I still think that actually getting anything down the well will be problematic, and that includes optical, acoustic or microwave pinging of the water. It looks like the existing pipe wanders all over the place effectively blocking the hole. That also probably rules out floats and counterweights mounted on wires.
 
Warp; they use positive displacement pumps down private wells?? I thought they were ALL multistage centrificals.

I could see the current having a nonlinear aspect. But maybe not.
 
In the old days, miners took canaries into the mines to warn of "poison gas" build ups.
If the bird stopped singing: run.

So (providing you can unblock the pipe) you need a little cage, a canary, and a long length of string marked off every foot or so.
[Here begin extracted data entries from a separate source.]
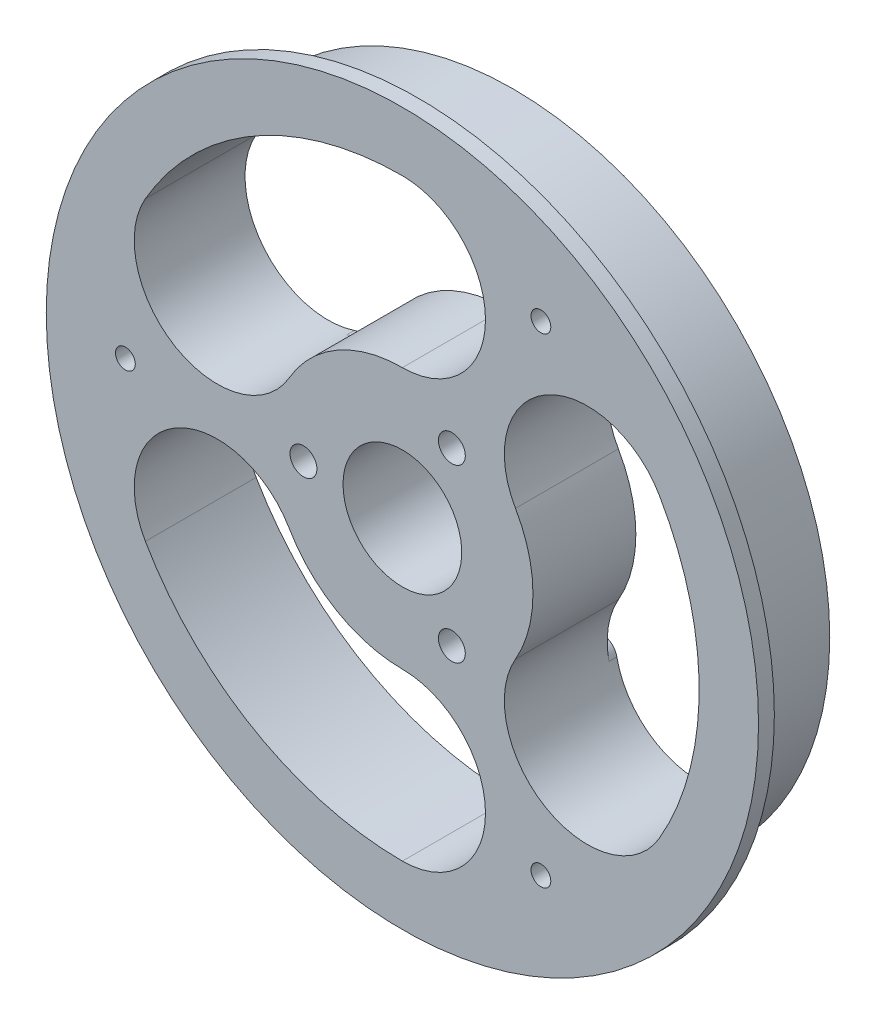
SolidWorks part; units mm, degrees
material "Сплав 2024"
ref_plane "Спереди" through (0, 0, 0) normal (0, 0, 1) x (1, 0, 0)
ref_plane "Сверху" through (0, 0, 0) normal (0, 1, 0) x (1, 0, 0)
ref_plane "Справа" through (0, 0, 0) normal (1, 0, 0) x (0, 0, -1)
sketch "Эскиз1" plane through (0, 0, 0) normal (0, 0, 1) x (1, 0, 0)
  circle A0 centre (0, 0) radius 40
  dimension "D1" = 80
extrude "Бобышка-Вытянуть1" add sketch "Эскиз1" along normal blind 12
sketch "Эскиз8" plane through (0, 0, 12) normal (0, 0, 1) x (1, 0, 0)
  circle A0 centre (0, 0) radius 45
  dimension "D1" = 90
extrude "Бобышка-Вытянуть3" add sketch "Эскиз8" along normal blind 2
sketch "Эскиз2" plane through (0, 0, 14) normal (0, 0, -1) x (-1, 0, 0)
  circle A0 centre (0, 0) radius 7.5
  dimension "D1" = 15
extrude "Вырез-Вытянуть1" cut sketch "Эскиз2" along normal through all
hole_wizard "Отверстие с зазором M31" positions "Эскиз4" profile "Эскиз3" hole size "M3" standard "Ansi Metric"
sketch "Эскиз4" plane through (-6.6635, -3.8899, 14) normal (0, 0, -1) x (-1, 0, 0)
  point P0 (20.5996, 37.0106)
sketch "Эскиз3" plane through (-27.2631, 33.1208, 14) normal (1, 0, 0) x (0, -1, 0)
  line L0 (0, 0) -> (0, 14)
  line L1 (0, 14) -> (1.7, 14)
  line L2 (1.7, 14) -> (1.7, 0)
  line L5 (1.7, 0) -> (0, 0)
  line L11 (0, -6.35) -> (0, 107.95) construction
  dimension "Диаметр сквозного отверстия" = 3.4
  dimension "Глубина сквозного отверстия" = 14
sketch "Эскиз10" plane through (0, 0, 0) normal (0, 0, -1) x (-1, 0, 0)
  line L1 (0, 49.276) -> (0, -49.5343) construction
  line L2 (46.4311, 26.807) -> (-46.4311, -26.807) construction
  arc A2 (32.476, -18.75) -> (14.2894, -8.25) centre (23.3827, -13.5) ccw
  arc A3 (32.476, 18.75) -> (0, 37.5) centre (0, 0) ccw
  circle A4 centre (0, 0) radius 27 construction
  arc A5 (0, 37.5) -> (0, 16.5) centre (0, 27) ccw
  arc A6 (14.2894, 8.25) -> (32.476, 18.75) centre (23.3827, 13.5) ccw
  arc A7 (14.2894, 8.25) -> (0, 16.5) centre (0, 0) ccw
  arc A8 (0, -16.5) -> (14.2894, -8.25) centre (0, 0) ccw
  arc A9 (0, -16.5) -> (0, -37.5) centre (0, -27) ccw
  arc A10 (0, -37.5) -> (32.476, -18.75) centre (0, 0) ccw
  arc A11 (-32.476, -18.75) -> (-14.2894, -8.25) centre (-23.3827, -13.5) ccw
  arc A12 (-14.2894, 8.25) -> (-14.2894, -8.25) centre (0, 0) ccw
  arc A13 (-14.2894, 8.25) -> (-32.476, 18.75) centre (-23.3827, 13.5) ccw
  arc A14 (-32.476, 18.75) -> (-32.476, -18.75) centre (0, 0) ccw
  point P28 (0, 0)
  dimension "D1" = 3
  dimension "D2" = 75
  dimension "D3" = 54
  dimension "D4" = 60
sketch "Эскиз11" plane through (0, 0, 14) normal (0, 0, 1) x (1, 0, 0)
  line L1 (6.25, 10.8253) -> (-6.25, -10.8253) construction
  line L2 (12.5, 0) -> (-12.5, 0) construction
  line L3 (-6.25, 10.8253) -> (6.25, -10.8253) construction
  circle A0 centre (0, 0) radius 12.5 construction
  dimension "D1" = 25
  dimension "D2" = 60
  dimension "D3" = 60
hole_wizard "Отверстие с зазором M32" positions "Эскиз13" profile "Эскиз12" hole size "M3" standard "Ansi Metric" end condition through all
sketch "Эскиз13" plane through (0, 0, 14) normal (0, 0, 1) x (1, 0, 0)
  point P0 (6.25, 10.8253)
  point P3 (-12.5, 0)
  point P9 (6.25, -10.8253)
sketch "Эскиз12" plane through (6.25, 10.8253, 14) normal (1, 0, 0) x (0, -1, 0)
  line L0 (0, 0) -> (0, 14)
  line L1 (0, 14) -> (1.7, 14)
  line L2 (1.7, 14) -> (1.7, 0)
  line L5 (1.7, 0) -> (0, 0)
  line L11 (0, -6.35) -> (0, 107.95) construction
  dimension "Диаметр сквозного отверстия" = 3.4
  dimension "Глубина сквозного отверстия" = 14
extrude "Вырез-Вытянуть2" cut sketch "Эскиз10" against normal through all
sketch "Эскиз14" plane through (0, 0, 0) normal (0, 0, -1) x (-1, 0, 0)
  line L2 (-55.8661, 0) -> (55.9948, 0) construction
  line L3 (-20, 34.641) -> (20, -34.641) construction
  line L4 (20, 34.641) -> (-20, -34.641) construction
  circle A0 centre (0, 0) radius 40 construction
  circle A1 centre (0, 0) radius 40 construction
  circle A2 centre (0, 0) radius 35 construction
  dimension "D3" = 70
  dimension "D1" = 60
  dimension "D2" = 60
hole_wizard "Отверстие обработанное метчиком M3x0.51" positions "Эскиз16" profile "Эскиз15" tap size "M3x0.5" standard "Ansi Metric" end condition through all
sketch "Эскиз16" plane through (0, 0, 0) normal (0, 0, -1) x (-1, 0, 0)
  line L0 (-20, 34.641) -> (20, -34.641) construction
  line L1 (20, 34.641) -> (-20, -34.641) construction
  line L2 (-55.8661, 0) -> (55.9948, 0) construction
  circle A0 centre (0, 0) radius 35 construction
  point P0 (-17.5, 30.3109)
  point P6 (35, 0)
  point P12 (-17.5, -30.3109)
sketch "Эскиз15" plane through (17.5, 30.3109, 0) normal (1, 0, 0) x (0, 1, 0)
  line L0 (0, 0) -> (0, 14)
  line L1 (0, 14) -> (1.25, 14)
  line L2 (1.25, 14) -> (1.25, 0)
  line L5 (1.25, 0) -> (0, 0)
  line L11 (0, -6.35) -> (0, 107.95) construction
  dimension "Диаметр проходного сверла" = 2.5
  dimension "Глубина проходного сверла" = 14
cosmetic thread "Отверстие резьбы4" parameters "D2"=3
cosmetic thread "Отверстие резьбы5" parameters "D2"=3
cosmetic thread "Отверстие резьбы6" parameters "D2"=3
sketch "Эскиз18" plane through (0, 0, 0) normal (0, 0, -1) x (-1, 0, 0)
  circle A0 centre (0, 0) radius 17.5
  dimension "D1" = 35
extrude "Вырез-Вытянуть4" cut sketch "Эскиз18" against normal blind 1
fillet "Скругление1" radius 2 6 edges at (-16.6253, 5.4633, 0.5) (-16.6253, -5.4633, 0.5) (3.5813, -17.1296, 0.5) (13.044, -11.6663, 0.5) (3.5813, 17.1296, 0.5) (13.044, 11.6663, 0.5)
sketch "Эскиз19" plane through (0, 0, 0) normal (0, 0, 1) x (1, 0, 0)
  line L0 (45, -26.2905) -> (45, -45) construction
  line L1 (45, -45) -> (32.5364, -45) construction
  circle A0 centre (0, 0) radius 45 construction

Lower the canary down. When it stops singing: voila! water!

(Reduce costs: don't buy a new canary every day: buy a few breeding pairs and you get a limitless supply)


Any joy getting the stuck sensor out?
I know the feeling when something gets wedged where it shouldn't and you just can't shift it. Not nice.
And how often is it that it that it would only need the tiniest push in a different direction to free up, but you just can't reach it to do that?

Let us know how you get on. Sorry I can't offer any actually good advice.

&quot;I love deadlines. I love the whooshing noise they make as they go past.&quot; Douglas Adams
 
Don't really know, but either flow or motor current must change, because the required amount of work changes.

Either one or the other must surely give enough variation to be a useful, if not highly accurate indicator.

 
See that's where I'm having trouble because I think the work stays almost constant. What will happen as the standing water column drops and the pump has to pump the water farther up, the amount of water will drop, (flow) to keep the work, (motor-hp) the same. So the current will just sit there at the motor rated current.